# [Problem requirements]
Could you print the lines below exactly, from the one holding "Scope : Scope" through the last line, with no other output?

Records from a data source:
____

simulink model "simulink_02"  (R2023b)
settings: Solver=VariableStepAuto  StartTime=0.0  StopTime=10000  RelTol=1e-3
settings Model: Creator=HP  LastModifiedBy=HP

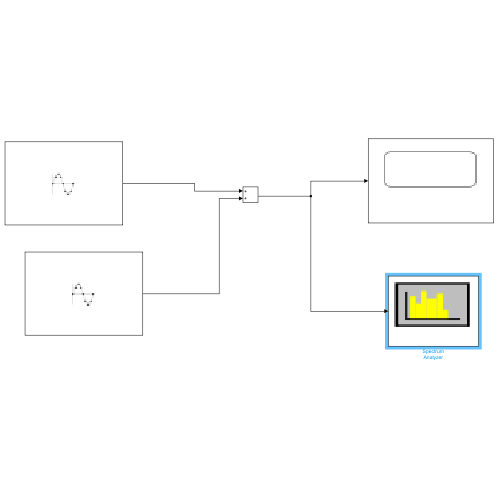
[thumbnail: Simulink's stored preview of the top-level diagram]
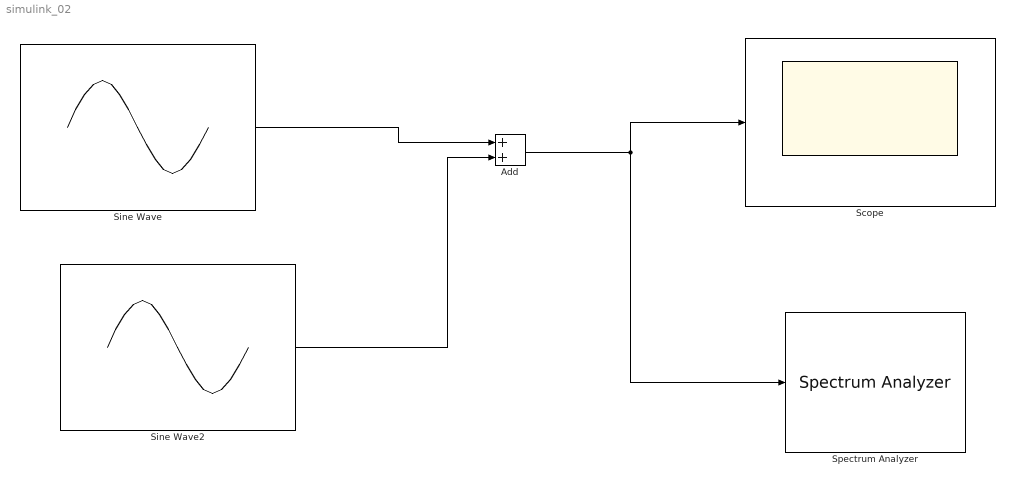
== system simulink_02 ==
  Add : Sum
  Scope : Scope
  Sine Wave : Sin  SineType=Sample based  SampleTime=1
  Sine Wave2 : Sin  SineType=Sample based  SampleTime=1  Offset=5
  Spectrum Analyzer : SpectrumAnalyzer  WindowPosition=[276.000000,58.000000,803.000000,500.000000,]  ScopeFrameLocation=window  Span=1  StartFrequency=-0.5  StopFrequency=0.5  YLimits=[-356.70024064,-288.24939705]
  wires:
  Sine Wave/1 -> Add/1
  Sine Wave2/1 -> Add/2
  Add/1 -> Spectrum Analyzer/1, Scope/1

____

# [Completed task]
  Scope : Scope
  Sine Wave : Sin  SineType=Sample based  SampleTime=1
  Sine Wave2 : Sin  SineType=Sample based  SampleTime=1  Offset=5
  Spectrum Analyzer : SpectrumAnalyzer  WindowPosition=[276.000000,58.000000,803.000000,500.000000,]  ScopeFrameLocation=window  Span=1  StartFrequency=-0.5  StopFrequency=0.5  YLimits=[-356.70024064,-288.24939705]
  wires:
  Sine Wave/1 -> Add/1
  Sine Wave2/1 -> Add/2
  Add/1 -> Spectrum Analyzer/1, Scope/1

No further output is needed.